The port was NOT open, however i did not have the error in the past.
nevertheless i open the port and forwarded it from the copy machine to the server, but i still get the error. 

I'm not totally sure the copy machine is the culprit but i think it is.


----------



## Jason08 (Oct 13, 2008)

The router's log should show where the packets are coming from.


----------



## zx10guy (Mar 30, 2008)

Looks like this error is on the particular box you're trying to run the software on. If this is the case, port forwarding has nothing to do with the error you're getting. You need to do a netstat -an from the command prompt to see if there is something running on your box which is listening on port 21. If there is, netstat -an may or may not give you clues as to what is running on that port.

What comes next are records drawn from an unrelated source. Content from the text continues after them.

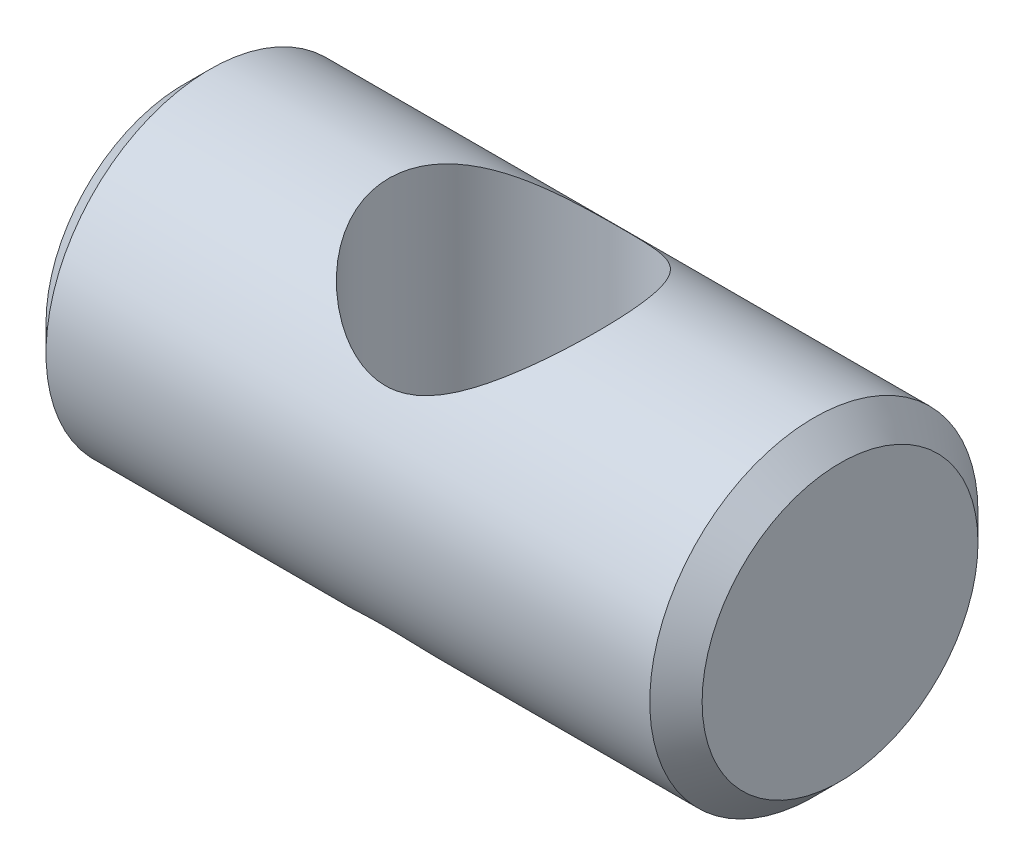
ISO-10303-21;
HEADER;
FILE_DESCRIPTION(('STEP AP214'),'2;1');
FILE_NAME('part.step','',(''),(''),'','','');
FILE_SCHEMA(('AUTOMOTIVE_DESIGN { 1 0 10303 214 1 1 1 1 }'));
ENDSEC;
DATA;
#1=APPLICATION_CONTEXT('core data for automotive mechanical design processes');
#2=APPLICATION_PROTOCOL_DEFINITION('international standard','automotive_design',2000,#1);
#3=PRODUCT_CONTEXT('',#1,'mechanical');
#4=PRODUCT('Part','Part','',(#3));
#5=PRODUCT_RELATED_PRODUCT_CATEGORY('part','',(#4));
#6=PRODUCT_DEFINITION_FORMATION('','',#4);
#7=PRODUCT_DEFINITION_CONTEXT('part definition',#1,'design');
#8=PRODUCT_DEFINITION('design','',#6,#7);
#9=PRODUCT_DEFINITION_SHAPE('','',#8);
#10=(LENGTH_UNIT() NAMED_UNIT(*) SI_UNIT(.MILLI.,.METRE.));
#11=(NAMED_UNIT(*) PLANE_ANGLE_UNIT() SI_UNIT($,.RADIAN.));
#12=(NAMED_UNIT(*) SI_UNIT($,.STERADIAN.) SOLID_ANGLE_UNIT());
#13=UNCERTAINTY_MEASURE_WITH_UNIT(LENGTH_MEASURE(1.E-05),#10,'distance_accuracy_value','');
#14=(GEOMETRIC_REPRESENTATION_CONTEXT(3) GLOBAL_UNCERTAINTY_ASSIGNED_CONTEXT((#13)) GLOBAL_UNIT_ASSIGNED_CONTEXT((#10,
#11,#12)) REPRESENTATION_CONTEXT('',''));
#15=CARTESIAN_POINT('',(0.,0.,0.));
#16=DIRECTION('',(0.,0.,1.));
#17=DIRECTION('',(1.,0.,0.));
#18=AXIS2_PLACEMENT_3D('',#15,#16,#17);
#19=CARTESIAN_POINT('',(9.525,0.,0.));
#20=DIRECTION('',(-1.,0.,0.));
#21=DIRECTION('',(0.,0.,1.));
#22=AXIS2_PLACEMENT_3D('',#19,#20,#21);
#23=CYLINDRICAL_SURFACE('',#22,4.765);
#24=CARTESIAN_POINT('',(-3.42087708051605,-4.765,0.));
#25=CARTESIAN_POINT('',(-3.42696899134863,-4.7649997101109,0.0833627581168182));
#26=CARTESIAN_POINT('',(-3.43001003086423,-4.76280757869707,0.166953392424251));
#27=CARTESIAN_POINT('',(-3.4299899120654,-4.75402028790231,0.333933182408653));
#28=CARTESIAN_POINT('',(-3.42692615604904,-4.74742325494959,0.41732223719261));
#29=CARTESIAN_POINT('',(-3.41478160746824,-4.72989865727235,0.583312250165057));
#30=CARTESIAN_POINT('',(-3.40569315136156,-4.71896558414041,0.665912068503747));
#31=CARTESIAN_POINT('',(-3.38168739143667,-4.69295834085159,0.829610597514772));
#32=CARTESIAN_POINT('',(-3.36676760565251,-4.67788240819801,0.91070865358331));
#33=CARTESIAN_POINT('',(-3.31382161536753,-4.62699847385246,1.15000632689336));
#34=CARTESIAN_POINT('',(-3.26752778272676,-4.58542013528299,1.30524951697123));
#35=CARTESIAN_POINT('',(-3.15544383432779,-4.48962808746058,1.60411463212557));
#36=CARTESIAN_POINT('',(-3.08965416222603,-4.43541466574349,1.74773682156028));
#37=CARTESIAN_POINT('',(-2.93522566350036,-4.31273538578719,2.03259497643689));
#38=CARTESIAN_POINT('',(-2.84518090003159,-4.24347672491827,2.17272279857911));
#39=CARTESIAN_POINT('',(-2.64803347355049,-4.09784606286129,2.43631552731587));
#40=CARTESIAN_POINT('',(-2.54091313456509,-4.02146672501527,2.55976291960052));
#41=CARTESIAN_POINT('',(-2.28757037498761,-3.84950291536883,2.81327393100644));
#42=CARTESIAN_POINT('',(-2.13784494064544,-3.75321839663728,2.93940806717613));
#43=CARTESIAN_POINT('',(-1.89774924473951,-3.61188607024724,3.10885207016274));
#44=CARTESIAN_POINT('',(-1.81509327318893,-3.56527135977744,3.16205944901992));
#45=CARTESIAN_POINT('',(-1.64456461914389,-3.47438917550769,3.26165283895997));
#46=CARTESIAN_POINT('',(-1.55669391813204,-3.43012082209568,3.30804141803447));
#47=CARTESIAN_POINT('',(-1.33801732923479,-3.32784018306176,3.41144333221737));
#48=CARTESIAN_POINT('',(-1.20454764001564,-3.27176419567389,3.46485738281701));
#49=CARTESIAN_POINT('',(-0.927567219273259,-3.17315327144381,3.55539465585279));
#50=CARTESIAN_POINT('',(-0.784080947165172,-3.13058666617785,3.59255605597934));
#51=CARTESIAN_POINT('',(-0.514646140223209,-3.07113542283653,3.64343651296181));
#52=CARTESIAN_POINT('',(-0.389980532152303,-3.05107413064414,3.66010628533956));
#53=CARTESIAN_POINT('',(-0.13805144197163,-3.02761567970702,3.67954153570878));
#54=CARTESIAN_POINT('',(-0.010790737951865,-3.02420155283186,3.68232117171679));
#55=CARTESIAN_POINT('',(0.242449329866106,-3.03458366659267,3.67376621747767));
#56=CARTESIAN_POINT('',(0.368429244158409,-3.04837216824954,3.66243797397314));
#57=CARTESIAN_POINT('',(0.615927376424317,-3.09094772918142,3.62657095184853));
#58=CARTESIAN_POINT('',(0.737438661719832,-3.11975712134959,3.60201250089043));
#59=CARTESIAN_POINT('',(1.02486117239319,-3.20358122773375,3.52797021750044));
#60=CARTESIAN_POINT('',(1.18741075414518,-3.26453704351351,3.47231020523667));
#61=CARTESIAN_POINT('',(1.498121783823,-3.39961296516166,3.34017866781708));
#62=CARTESIAN_POINT('',(1.64623815847782,-3.47377238661047,3.2636446149314));
#63=CARTESIAN_POINT('',(1.87825971607124,-3.60054284241464,3.12200897105521));
#64=CARTESIAN_POINT('',(1.9664324955114,-3.65156363596669,3.06234750531042));
#65=CARTESIAN_POINT('',(2.13658829521524,-3.75440484501345,2.93536296354977));
#66=CARTESIAN_POINT('',(2.21856944344932,-3.80622549668558,2.86803758566651));
#67=CARTESIAN_POINT('',(2.4548169203279,-3.96070606463684,2.65493557738645));
#68=CARTESIAN_POINT('',(2.59972905493882,-4.06258137631192,2.4978237985218));
#69=CARTESIAN_POINT('',(2.83706621766583,-4.23718725327564,2.18575837138569));
#70=CARTESIAN_POINT('',(2.93424360521689,-4.31186637762032,2.03548298499758));
#71=CARTESIAN_POINT('',(3.10568912436017,-4.44824656330391,1.71702572980925));
#72=CARTESIAN_POINT('',(3.17999040299218,-4.50996636079323,1.54887024912961));
#73=CARTESIAN_POINT('',(3.29263516387729,-4.60778480850806,1.22389848309853));
#74=CARTESIAN_POINT('',(3.33468022800881,-4.64632732736096,1.06910753325384));
#75=CARTESIAN_POINT('',(3.39687013419293,-4.70801774696666,0.752190984217971));
#76=CARTESIAN_POINT('',(3.4170259792185,-4.73117337991453,0.590069112764687));
#77=CARTESIAN_POINT('',(3.43390286080123,-4.7606051003247,0.262598143568303));
#78=CARTESIAN_POINT('',(3.43055828056669,-4.76683385814853,0.0972412962651645));
#79=CARTESIAN_POINT('',(3.40010195996678,-4.76222706928004,-0.231024129353292));
#80=CARTESIAN_POINT('',(3.37298745129903,-4.75138953488968,-0.393932420256085));
#81=CARTESIAN_POINT('',(3.29795083571309,-4.71498049061455,-0.705514268669748));
#82=CARTESIAN_POINT('',(3.25098003249397,-4.69006694126301,-0.854498752183594));
#83=CARTESIAN_POINT('',(3.13840780618742,-4.6283363468626,-1.14256413370517));
#84=CARTESIAN_POINT('',(3.07280276883643,-4.59151699239254,-1.28164310390504));
#85=CARTESIAN_POINT('',(2.91796402171938,-4.50478911028579,-1.5605913242394));
#86=CARTESIAN_POINT('',(2.82706121692328,-4.45396042558585,-1.6992420339739));
#87=CARTESIAN_POINT('',(2.62789389216064,-4.34533105232054,-1.96045324775842));
#88=CARTESIAN_POINT('',(2.51961335554432,-4.28752394420402,-2.08299871660834));
#89=CARTESIAN_POINT('',(2.26753986981794,-4.15886196775128,-2.33061071233595));
#90=CARTESIAN_POINT('',(2.12084350362776,-4.08747815085455,-2.4524560274696));
#91=CARTESIAN_POINT('',(1.80818256348861,-3.94818744226299,-2.67091966387117));
#92=CARTESIAN_POINT('',(1.64221717999394,-3.88028069682256,-2.76753692468302));
#93=CARTESIAN_POINT('',(1.32363316444147,-3.76775877390234,-2.91829752704228));
#94=CARTESIAN_POINT('',(1.17388770573105,-3.72114907301219,-2.97693831230802));
#95=CARTESIAN_POINT('',(0.94182658133829,-3.66180847873486,-3.04915600293589));
#96=CARTESIAN_POINT('',(0.863255129060431,-3.64379412637323,-3.0706008978109));
#97=CARTESIAN_POINT('',(0.703992654043785,-3.61197174564401,-3.10797188341904));
#98=CARTESIAN_POINT('',(0.62330269473567,-3.59816164910818,-3.12390068817333));
#99=CARTESIAN_POINT('',(0.459495462666014,-3.57524455910332,-3.15010468685879));
#100=CARTESIAN_POINT('',(0.376361962516611,-3.5661861203942,-3.16032158062367));
#101=CARTESIAN_POINT('',(0.209195138832908,-3.55344451616001,-3.17464168800661));
#102=CARTESIAN_POINT('',(0.125162274904953,-3.54975872585817,-3.17874788699032));
#103=CARTESIAN_POINT('',(-0.0430393452037676,-3.54795587812489,-3.18076053743013));
#104=CARTESIAN_POINT('',(-0.127208095972437,-3.54983860412504,-3.17866722999483));
#105=CARTESIAN_POINT('',(-0.29484062899608,-3.55905933774995,-3.16833758034575));
#106=CARTESIAN_POINT('',(-0.378304441298768,-3.56639711165655,-3.16010150131517));
#107=CARTESIAN_POINT('',(-0.604314657609785,-3.59341005189328,-3.129430196119));
#108=CARTESIAN_POINT('',(-0.745494317394036,-3.61818171011667,-3.10101793603989));
#109=CARTESIAN_POINT('',(-1.02069983126741,-3.67972750014127,-3.02771937958645));
#110=CARTESIAN_POINT('',(-1.1547183301723,-3.71651370639189,-2.98281650470617));
#111=CARTESIAN_POINT('',(-1.46853642894096,-3.8153502491925,-2.8560768918245));
#112=CARTESIAN_POINT('',(-1.64398166227299,-3.88152734494911,-2.76664814536404));
#113=CARTESIAN_POINT('',(-1.97551522842484,-4.02033820070584,-2.56077346334119));
#114=CARTESIAN_POINT('',(-2.13156938380249,-4.09298298410994,-2.44428083509274));
#115=CARTESIAN_POINT('',(-2.42421216807333,-4.2373970566927,-2.18450650401399));
#116=CARTESIAN_POINT('',(-2.56052605726515,-4.30914323590253,-2.04090097393914));
#117=CARTESIAN_POINT('',(-2.80802181758102,-4.44318432752427,-1.72973058522059));
#118=CARTESIAN_POINT('',(-2.91923707314103,-4.50549175797245,-1.56219804304703));
#119=CARTESIAN_POINT('',(-3.09396462152009,-4.60338031575656,-1.23969583506405));
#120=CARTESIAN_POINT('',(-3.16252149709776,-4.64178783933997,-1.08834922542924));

If you have to do some sleuthing to find out what is occupying that port, it becomes more difficult. You can also run the following command at the command prompt: telnet 127.0.0.1 21 . This will open a port connection to what ever is listening on that port. You may get an immediate display showing what program/service is running. You may have to hit enter or something to trigger a response from the program/service. Or you may just get nothing and might just eventually get kicked off.


----------



## wlraider70 (Jun 1, 2009)

is it a coincidence that EVERY time i log on via remote desktop i see the message. even if i haven't rebooted the server.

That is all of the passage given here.